Untersuchungen und offene Fragen
Die Identität des Wolfs, der für diesen und die beiden weiteren Risse in Raesfeld und Erle verantwortlich ist, bleibt vorerst unklar. DNA-Untersuchungen durch das Senckenberg Institut sollen Klarheit bringen, ob es sich um den territorialen Wolfsrüden GW 2889m handelt, um einen neuen Wolf oder eine neue Wölfin, oder um einen durchwandernden Wolf.
Territorium „Dämmerwald – Üfter Mark“
Seit Mitte 2022 beansprucht der Rüde GW2889m das Territorium „Dämmerwald-Üfter Mark“ für sich. Erstmals wurde GW 2889m im Februar 2023 bekannt, als er in den Rhader Wiesen, etwa sechs Kilometer Luftlinie vom letzten Riss entfernt, für den Tod von insgesamt 19 Tieren verantwortlich gemacht wurde. Ebenfalls in Rhade riss ein anderer Wolf mit der Kennung GW3042m (aus dem Rudel Schermbeck) kurze Zeit später (19.3.2023) in Lembeck ebenfalls 19 Schafe.
Förderrichtlinien
Im Rahmen der Präventionsmaßnahmen werden 100 % der Kosten für die Optimierungen und Neuanschaffungen von Schutzzäunen nebst Zubehör zur Erreichung des wolfsabweisenden Grundschutzes in einem Wolfsgebiet, einem Wolfsverdachtsgebiet sowie in der umgebenden Pufferzone und die Anschaffung und Ausbildung von geeigneten Herdenschutzhunden in einem Wolfsgebiet gefördert.

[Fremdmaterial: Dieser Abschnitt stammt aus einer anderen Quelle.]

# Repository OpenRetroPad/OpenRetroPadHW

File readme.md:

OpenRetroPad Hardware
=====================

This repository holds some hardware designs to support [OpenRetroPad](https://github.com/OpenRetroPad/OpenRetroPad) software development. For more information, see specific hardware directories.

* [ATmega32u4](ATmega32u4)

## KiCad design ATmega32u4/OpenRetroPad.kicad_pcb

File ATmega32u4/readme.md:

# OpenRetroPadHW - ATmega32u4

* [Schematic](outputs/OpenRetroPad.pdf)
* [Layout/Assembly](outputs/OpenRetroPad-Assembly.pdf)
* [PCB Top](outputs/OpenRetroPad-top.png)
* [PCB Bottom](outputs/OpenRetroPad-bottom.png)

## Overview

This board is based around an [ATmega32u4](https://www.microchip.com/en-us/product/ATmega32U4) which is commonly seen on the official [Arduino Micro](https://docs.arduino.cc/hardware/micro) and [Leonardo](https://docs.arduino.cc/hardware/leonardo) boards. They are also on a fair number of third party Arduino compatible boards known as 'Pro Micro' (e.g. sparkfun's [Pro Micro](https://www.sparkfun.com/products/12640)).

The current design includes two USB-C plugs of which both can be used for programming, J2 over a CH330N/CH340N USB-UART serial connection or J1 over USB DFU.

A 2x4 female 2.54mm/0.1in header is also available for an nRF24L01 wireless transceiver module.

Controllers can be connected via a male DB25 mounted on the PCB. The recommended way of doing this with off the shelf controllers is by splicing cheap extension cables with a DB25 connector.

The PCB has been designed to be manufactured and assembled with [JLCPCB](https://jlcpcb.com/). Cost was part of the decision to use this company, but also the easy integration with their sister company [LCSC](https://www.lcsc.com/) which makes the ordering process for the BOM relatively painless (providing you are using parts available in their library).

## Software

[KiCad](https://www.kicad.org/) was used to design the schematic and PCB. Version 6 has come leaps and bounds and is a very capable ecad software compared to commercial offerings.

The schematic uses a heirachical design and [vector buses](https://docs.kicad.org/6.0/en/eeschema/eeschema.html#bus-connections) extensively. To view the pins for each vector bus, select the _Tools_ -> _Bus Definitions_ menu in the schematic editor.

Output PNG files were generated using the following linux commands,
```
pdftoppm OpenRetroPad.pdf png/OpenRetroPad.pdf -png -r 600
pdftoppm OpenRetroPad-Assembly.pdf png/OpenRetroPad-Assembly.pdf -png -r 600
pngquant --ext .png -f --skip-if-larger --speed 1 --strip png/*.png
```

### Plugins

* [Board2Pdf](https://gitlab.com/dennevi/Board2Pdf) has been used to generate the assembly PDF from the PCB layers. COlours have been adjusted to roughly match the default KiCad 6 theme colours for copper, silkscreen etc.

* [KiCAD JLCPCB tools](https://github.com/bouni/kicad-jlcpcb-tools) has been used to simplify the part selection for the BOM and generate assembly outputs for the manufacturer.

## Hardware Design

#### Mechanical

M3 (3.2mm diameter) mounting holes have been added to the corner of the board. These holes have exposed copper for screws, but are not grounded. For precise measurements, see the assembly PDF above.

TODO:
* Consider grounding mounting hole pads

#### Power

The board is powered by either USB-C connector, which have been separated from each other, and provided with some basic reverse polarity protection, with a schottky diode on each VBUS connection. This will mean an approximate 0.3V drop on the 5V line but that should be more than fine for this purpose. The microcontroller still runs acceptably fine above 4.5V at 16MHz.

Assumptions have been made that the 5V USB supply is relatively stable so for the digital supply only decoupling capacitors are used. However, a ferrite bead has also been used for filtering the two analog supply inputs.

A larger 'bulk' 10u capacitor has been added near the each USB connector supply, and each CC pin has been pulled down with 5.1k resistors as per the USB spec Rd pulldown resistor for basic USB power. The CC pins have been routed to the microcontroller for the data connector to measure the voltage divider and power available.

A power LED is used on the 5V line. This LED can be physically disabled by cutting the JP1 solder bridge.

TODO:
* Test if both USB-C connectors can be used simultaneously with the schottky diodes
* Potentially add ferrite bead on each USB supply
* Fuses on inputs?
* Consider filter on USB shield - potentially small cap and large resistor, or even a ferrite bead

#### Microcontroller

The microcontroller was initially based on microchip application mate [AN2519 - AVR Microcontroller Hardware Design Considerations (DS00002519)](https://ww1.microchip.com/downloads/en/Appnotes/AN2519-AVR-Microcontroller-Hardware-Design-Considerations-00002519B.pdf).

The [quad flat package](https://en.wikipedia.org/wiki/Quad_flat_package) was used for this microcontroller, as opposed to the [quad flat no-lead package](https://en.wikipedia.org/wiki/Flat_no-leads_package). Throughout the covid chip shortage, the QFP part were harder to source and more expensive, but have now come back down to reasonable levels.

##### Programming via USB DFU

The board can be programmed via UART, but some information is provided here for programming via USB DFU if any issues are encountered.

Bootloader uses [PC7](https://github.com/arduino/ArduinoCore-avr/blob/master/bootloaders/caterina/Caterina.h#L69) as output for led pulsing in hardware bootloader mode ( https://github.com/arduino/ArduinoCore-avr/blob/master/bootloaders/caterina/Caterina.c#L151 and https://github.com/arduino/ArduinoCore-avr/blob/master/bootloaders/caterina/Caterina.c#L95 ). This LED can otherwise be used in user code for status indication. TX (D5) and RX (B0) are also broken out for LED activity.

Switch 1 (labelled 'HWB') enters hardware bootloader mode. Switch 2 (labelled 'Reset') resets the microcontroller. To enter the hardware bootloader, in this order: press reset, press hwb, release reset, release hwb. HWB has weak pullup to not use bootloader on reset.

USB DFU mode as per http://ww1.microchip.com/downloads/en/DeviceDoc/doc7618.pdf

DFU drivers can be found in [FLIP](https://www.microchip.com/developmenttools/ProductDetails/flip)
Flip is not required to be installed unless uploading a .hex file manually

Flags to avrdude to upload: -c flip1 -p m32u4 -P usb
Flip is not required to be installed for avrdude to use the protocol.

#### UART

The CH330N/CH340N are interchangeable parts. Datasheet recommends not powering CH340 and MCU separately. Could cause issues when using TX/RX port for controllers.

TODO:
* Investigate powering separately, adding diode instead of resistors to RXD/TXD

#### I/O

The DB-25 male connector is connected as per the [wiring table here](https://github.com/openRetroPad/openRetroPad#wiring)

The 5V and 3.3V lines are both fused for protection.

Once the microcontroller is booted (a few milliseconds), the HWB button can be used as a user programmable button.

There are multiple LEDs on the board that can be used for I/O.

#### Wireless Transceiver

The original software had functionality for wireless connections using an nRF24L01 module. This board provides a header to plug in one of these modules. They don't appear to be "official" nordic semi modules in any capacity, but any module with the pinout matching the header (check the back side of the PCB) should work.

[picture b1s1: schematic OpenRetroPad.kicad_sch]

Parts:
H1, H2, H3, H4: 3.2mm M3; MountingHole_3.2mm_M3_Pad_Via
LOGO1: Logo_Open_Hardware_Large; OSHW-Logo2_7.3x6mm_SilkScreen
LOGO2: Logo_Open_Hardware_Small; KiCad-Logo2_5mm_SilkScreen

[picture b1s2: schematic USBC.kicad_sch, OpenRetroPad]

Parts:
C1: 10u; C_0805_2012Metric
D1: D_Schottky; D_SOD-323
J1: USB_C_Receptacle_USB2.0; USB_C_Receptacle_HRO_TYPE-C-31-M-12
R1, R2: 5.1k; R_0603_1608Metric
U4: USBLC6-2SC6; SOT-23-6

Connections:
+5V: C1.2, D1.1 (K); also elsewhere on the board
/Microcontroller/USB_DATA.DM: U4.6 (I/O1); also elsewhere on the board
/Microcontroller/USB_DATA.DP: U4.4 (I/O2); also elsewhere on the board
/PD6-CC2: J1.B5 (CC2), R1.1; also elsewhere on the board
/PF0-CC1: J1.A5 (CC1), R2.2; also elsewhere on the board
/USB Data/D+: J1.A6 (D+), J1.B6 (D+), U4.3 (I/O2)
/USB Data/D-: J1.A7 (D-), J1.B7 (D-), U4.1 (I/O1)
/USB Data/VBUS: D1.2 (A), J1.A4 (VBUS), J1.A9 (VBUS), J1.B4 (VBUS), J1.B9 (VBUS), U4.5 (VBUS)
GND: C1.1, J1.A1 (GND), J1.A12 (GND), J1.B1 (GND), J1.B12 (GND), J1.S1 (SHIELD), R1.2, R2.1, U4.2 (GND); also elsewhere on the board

Vorgaben für wolfssichere mobile Elektrozäune
Mobile Elektrozäune sind entweder als Elektronetze oder Litzensysteme erhältlich. LANUV empfiehlt, dass mobile Zäune eine Mindesthöhe von 90 cm haben sollen. Wo örtliche Gegebenheiten es zulassen wird eine Höhe von 120 cm empfohlen.
Mobile Litzenzäune müssen aus mindestens fünf stromführenden Litzen bestehen, wobei die unterste Litze nicht höher als 20 cm über dem Bodenniveau liegen darf. Dies soll ein Unterkriechen oder Untergraben durch große Beutegreifer verhindern. Die Eckpfähle bei Litzenzäunen sollten aus geeigneten Stahlpfählen bestehen, die in den Boden eingeschlagen werden können.